Overview of panic disorder

Panic disorder affects 2 to 3% of the population and is 3 times more common in females than males. It is characterised by recurrent panic attacks, in which the onset of the attack is not associated with a trigger (ie occur spontaneously), and not caused by a substance, drug, medical condition or another psychiatric disorder (eg depression, bipolar disorder).

Associated symptoms of panic disorder include:

  • anticipatory anxiety (ie persistent concern about having a panic attack)
  • elevated levels of generalised anxiety or tension
  • somatic preoccupation
  • phobic avoidance (agoraphobia occurs in 80% of patients; social phobia occurs in 10% of patients).

The presentation in children is similar to that in adults and young people.

For information on diagnosing and differentiating anxiety disorders, see Overview of anxiety disorders.

Use psychosocial interventions as first-line treatment for panic disorder. If psychosocial interventions are not available, not effective or not preferred, consider pharmacotherapy—see here for adults and young people, and here for children. Pharmacotherapy is usually only used for children with severe symptoms.
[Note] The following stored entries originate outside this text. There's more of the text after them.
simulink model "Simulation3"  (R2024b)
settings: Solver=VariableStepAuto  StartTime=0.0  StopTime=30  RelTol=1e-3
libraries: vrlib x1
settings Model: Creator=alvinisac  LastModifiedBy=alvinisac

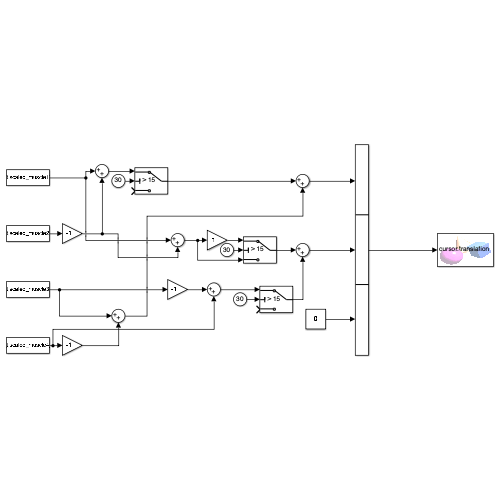
[thumbnail: Simulink's stored preview of the top-level diagram]
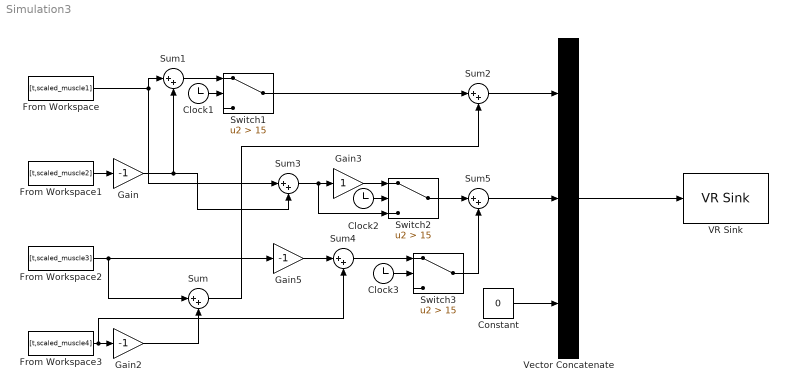
== system Simulation3 ==
  Clock1 : Clock
  Clock2 : Clock
  Clock3 : Clock
  Constant : Constant  Value=0
  From Workspace : FromWorkspace  VariableName=[t,scaled_muscle1]
  From Workspace1 : FromWorkspace  VariableName=[t,scaled_muscle2]
  From Workspace2 : FromWorkspace  VariableName=[t,scaled_muscle3]
  From Workspace3 : FromWorkspace  VariableName=[t,scaled_muscle4]
  Gain : Gain  Gain=-1
  Gain2 : Gain  Gain=-1
  Gain3 : Gain
  Gain5 : Gain  Gain=-1
  Sum{,1..5} (6 alike) : Sum  Inputs=|++
  Switch1 : Switch  Criteria=u2 > Threshold  Threshold=15  SaturateOnIntegerOverflow=off  InputSameDT=off
  Switch2 : Switch  Criteria=u2 > Threshold  Threshold=15  SaturateOnIntegerOverflow=off  InputSameDT=off
  Switch3 : Switch  Criteria=u2 > Threshold  Threshold=15  SaturateOnIntegerOverflow=off  InputSameDT=off
  VR Sink : vrlib/VR Sink  InstantiateOnLoad=on  SampleTime=0.1  ViewEnable=on  RemoteChange=off  RemoteView=off  FieldsWritten=cursor.translation.3.1.1.double  WorldFileName=8_palline_color.wrl  AutoView=off  VideoDimensions=[]  AllowVariableSize=off  FigureProperties="{'Position', 'Name', 'Viewpoint', 'CameraBound', 'CameraDirection', 'CameraPosition', 'CameraUpVector', 'ZoomFactor', 'Antialiasing', 'Headlight', 'Lighting', 'Sound', 'StatusBar', 'Stereo3D', 'Stereo3DCameraOffset', 'Stereo3DHIT', 'ToolBar', 'Textures', 'Transparency', 'Triad', 'Wireframe', 'NavZones', 'NavMode', 'NavSpeed', 'CaptureFileFormat', 'CaptureFileName', 'Record2DCompressMethod', 'Record2DCompressQuality', 'Record2D', 'Record2DFileName', 'Record2DFPS', 'NavPanel'; [5.0000000000000000e+00   1.0300000000000000e+02   5.7600000000000000e+02   3.5000000000000000e+02], '', '_untitled_1', 'on', [0.0000000000000000e+00   0.0000000000000000e+00  -1.0000000000000000e+00], [0.0000000000000000e+00   0.0000000000000000e+00   0.0000000000000000e+00], [0.0000000000000000e+00   1.0000000000000000e+00   0.0000000000000000e+00], [1.0000000000000000e+00], 'on', 'on', 'on', 'on', 'on', 'off', [1.0000000149011612e-01], [0.0000000000000000e+00], 'on', 'on', 'on', 'none', 'off', 'off', 'fly', 'normal', 'tif', '%f_anim_%n.tif', 'auto', [7.5000000000000000e+01], 'off', '%f_anim_%n.avi', 'auto', 'halfbar'}"
  Vector Concatenate : Concatenate  NumInputs=3
  wires:
  Vector Concatenate/1 -> VR Sink/1
  Gain2/1 -> Sum/2
  From Workspace2/1 -> Sum/1, Gain5/1
  From Workspace3/1 -> Sum4/2, Gain2/1
  Sum/1 -> Sum2/2
  Gain/1 -> Sum1/2, Sum3/2
  From Workspace/1 -> Sum3/1, Sum1/1
  From Workspace1/1 -> Gain/1
  Sum1/1 -> Switch1/1
  Clock1/1 -> Switch1/2
  Switch1/1 -> Sum2/1
  Sum2/1 -> Vector Concatenate/1
  Clock2/1 -> Switch2/2
  Sum3/1 -> Switch2/3, Gain3/1
  Switch2/1 -> Sum5/1
  Gain3/1 -> Switch2/1
  Gain5/1 -> Sum4/1
  Clock3/1 -> Switch3/2
  Sum4/1 -> Switch3/1
  Switch3/1 -> Sum5/2
  Sum5/1 -> Vector Concatenate/2
  Constant/1 -> Vector Concatenate/3

When evaluating treatment options for a young person, also consider:

  • there are few data on psychotropic use in young people because young people are poorly represented in clinical trials
  • young people are more susceptible to developing activation and suicidal thoughts when starting treatment with an antidepressant; this effect has been most often observed with selective serotonin reuptake inhibitors (SSRIs)
  • if pharmacotherapy is used, it should ideally be started by a clinician with expertise in using psychotropics in young people.

For treatment considerations for females of childbearing potential, including advice on contraception, preconception planning and psychotropic use, see here.

Physical symptoms of pregnancy (eg tachycardia, sweating, dizziness, shortness of breath) can mimic or precipitate a panic attack. Pregnant females are more likely to experience panic disorder than those who are not pregnant; onset tends to be in the first and second trimesters. Individuals with panic disorder may avoid antenatal appointments because they fear having panic attacks during travel to or attendance at appointments. Poorer antenatal care attendance increases the risk of poor obstetric outcomes. For additional considerations in managing anxiety disorders in the perinatal period, see here or for considerations in partners, see here.